New Cures, Old Problems: Poll Shows Drug Affordability Addles Americans

The House Energy and Commerce Committee is slated to vote today on legislation that offers incentives to the pharmaceutical industry to develop new drugs and devices. But the bill does little immediately to address what a new Morning Consult poll found voters care about most: Rising drug costs.

The poll of 2,059 registered voters show an overwhelming majority – 75 percent – say that prescription medication is too expensive. And they would know – 68 percent are on medication, with most, 46 percent, taking between two to four.

While survey respondents are unlikely to say something they have to pay for is too cheap, the 75 percent figure is unusually high. On a similar issue, taxes, a 2014 Gallup poll found only 52 percent said their income tax burden is “too high.”

“When I think of the challenge of eradicating or alleviating disease through drugs, I think this doesn’t work unless the patient actually gets the innovation. That’s the defect we should focus on.” – Dr. Peter Bach, physician and policy expert

When pharmaceutical company Gilead introduced its blockbuster Hepatitis C drug, Sovaldi, for $1,000 a pill, the issue of drug affordability made headlines. But Robert Zirkelbach, senior vice president of communications for pharmaceutical lobbying group PhRMA, said health insurers determine what the patient pays, not drug makers.

“What the patient is paying for their medicine is determined by their health insurer, not the maker or the developer of that particular medicine,” he said in an interview. “What we’re finding is that insurers are increasingly asking patients to pay an ever-growing share of their medicine costs.”

The insurers disagree. Clare Krusing, director of communications for lobbying group America’s Health Insurance Plans, says consolidation among drug-makers and the advent of blockbusters like Sovaldi have given the pharmaceutical industry unprecedented leverage at the negotiating table.

“That starting negotiation is taking place much higher than ever before,” Krusing said in an interview. “We have seen across the board price increases for generics, for brand names – drug-makers have achieved almost monopoly-like pricing status.”

Peter Bach, a physician and healthcare policy expert at Memorial Sloan Kettering Cancer Center, called it a chicken-or-egg argument.

“This is a bidirectional blame game between parties in pursuit of their own financial interest,” he said. However, he noted, pharmaceutical companies have undeniable leverage when health insurers are required to offer every variety of cancer and AIDS treatment available.

“If the plan has to have every drug for cancer, they are not in a very good negotiating position,” he said. Government agencies, which do not directly negotiate with drug-makers, are in a similarly difficult position, he said.

In 2013, Medicare doctors prescribed $103 billion in drugs, according to a report released in April. Earlier this year, President Barack Obama said he wanted to allow the government to negotiate the price of drugs under Medicare Part D directly with pharmaceutical companies.
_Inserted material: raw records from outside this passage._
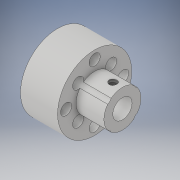
# Autodesk Inventor part: WheelandSprocketComboHub
Saved by Autodesk Inventor 2017 (Build 210142000, 142)
## iProperties
Created: 2018-04-04
Part Number: WheelandSprocketComboHub
Material: Generic
Document SubType Name: Modeling
Designer: User
Density: 1 g/cm^3
Appearance: Default
Author: User
Autodesk Inventor part; units mm, degrees
ref_plane "YZ Plane" through (0, 0, 0) normal (1, 0, 0) x (0, 1, 0)
ref_plane "XY Plane" through (0, 0, 0) normal (0, 0, 1) x (1, 0, 0)
sketch "Sketch1" plane through (0, 0, 0) normal (1, 0, 0) x (0, 1, 0)
  circle A0 centre (0, 0) radius 12.7
  line L0 (5.6576, -5.6576) -> (0, 0)
  line L1 (0, 0.0631) -> (0, -4.7425)
  circle A1 centre (0, 0) radius 3.302
  point P0 (5.6576, 5.6576)
  point P1 (-5.6576, 5.6576)
  point P2 (-5.6576, -5.6576)
  point P3 (9.779, 0)
  point P4 (0, 9.779)
  point P5 (-9.779, 0)
  point P6 (0, -9.779)
  point P7 (5.6576, 5.6576)
  point P8 (-5.6576, 5.6576)
  point P9 (-5.6576, -5.6576)
  dimension "d0" = 25.4
  dimension "d6" = 45
  dimension "d15" = 6.604
  dimension "d23" = 360
  dimension "d25" = 9.779
  dimension "d28" = 360
  constraints: 5 coincident, 4 end point, 2 centre point, 2 point on line, 1 vertical, 10 other
  measures "d0" diameter of A0
  measures "d6" angle of L1 L0
  measures "d15" diameter of A1
  measures "d25" distance of point (0, 0) point (9.779, 0)
extrude "Extrusion1" add sketch "Sketch1" along normal blind 12.7
sketch "Sketch2" plane through (12.7, 0, 0) normal (1, 0, 0) x (0, 0, -1)
  circle A0 centre (0, 0) radius 3.302 projected
  circle A1 centre (0, 0) radius 6.35
  point P0 (0, 0)
  dimension "d18" = 12.7
  constraints: 1 centre point, 1 coincident
  measures "d18" diameter of A1
extrude "Extrusion2" add sketch "Sketch2" along normal blind 9.525
hole "Hole1" at (0, 9.779, 0) at (0, 0, 9.779) at (0, -9.779, 0) at (0, 0, -9.779) direction (1, 0, 0) diameter 3.81 end through all
hole "Hole2" at (0, 5.6576, 5.6576) at (0, -5.6576, 5.6576) at (0, -5.6576, -5.6576) at (0, 5.6576, -5.6576) direction (1, 0, 0) diameter 3.81 end through all
ref_plane "Work Plane2" through (12.7, 6.35, 0) normal (0, 1, 0) x (-1, 0, 0)
sketch "Sketch5" plane through (12.7, 6.35, 0) normal (0, 1, 0) x (-1, 0, 0)
  line L0 (0, 3.8529) -> (-9.525, 3.8529) projected
  line L1 (-9.525, -3.8529) -> (-9.525, 3.8529) projected
  line L2 (-9.525, -3.8529) -> (0, -3.8529) projected
  line L3 (0, 3.8529) -> (0, -3.8529) projected
  point P0 (12.7, 0)
  point P1 (-6.35, 0)
  dimension "d46" = 3.175
  measures "d46" distance from line of point (-6.35, 0) L1
hole "Hole3" at (19.05, 6.35, 0) direction (0, -1, 0) diameter 2.6416 end up to face face through (0, 0, 0) facing (1, 0, 0) round with radius 3.302 far side yes thread size "6-32 UNC" class "2B" standard "ANSI Unified Screw Threads"
body "Solid1"

But in Congress, the newest healthcare reform effort focuses on speeding new drugs to market, not addressing affordability. The legislation, known as “21st Century Cures,” could extend periods of exclusivity to pharmaceutical companies for certain specialized drugs, during which less expensive generic versions are barred from entering the market. In theory, this encourages companies to spend more money researching innovative cures.

Though he did not comment on the bill specifically, Zirkelbach defends exclusivity as a necessary tool to spur innovation.

“There are members of Congress on both sides of the aisle who support it, and there’s a recognition that pharmaceutical companies need to recoup the significant investments they make to recover costs for patients,” he says.

Because exclusivity exists, Zirkelbach, says, “Companies are going after harder and harder diseases.”

Bach doesn’t buy it. The U.S. approves drugs faster than anywhere in the world, he said, and he sees no evidence that streamlining that pipeline will lead to greater innovation.

“I see Medicaid programs being driven to the brink by specialty drugs,” he said. “When I think of the challenge of eradicating or alleviating disease through drugs, I think this doesn’t work unless the patient actually gets the innovation. That’s the defect we should focus on.”

Of those polled, nearly half (44 percent) think periods of exclusivity – described in the poll as being as long as 12 years for some drugs – are fair, but should be shorter. Twenty-four percent disagreed, saying drug companies shouldn’t be granted periods of exclusivity.

The poll was conducted between May 8 and 11 with a margin of error of 2 percentage points.

 

This article was edited on May 21 to clarify comments made by Zirkelbach on exclusivity and a figure on Medicare drug spending.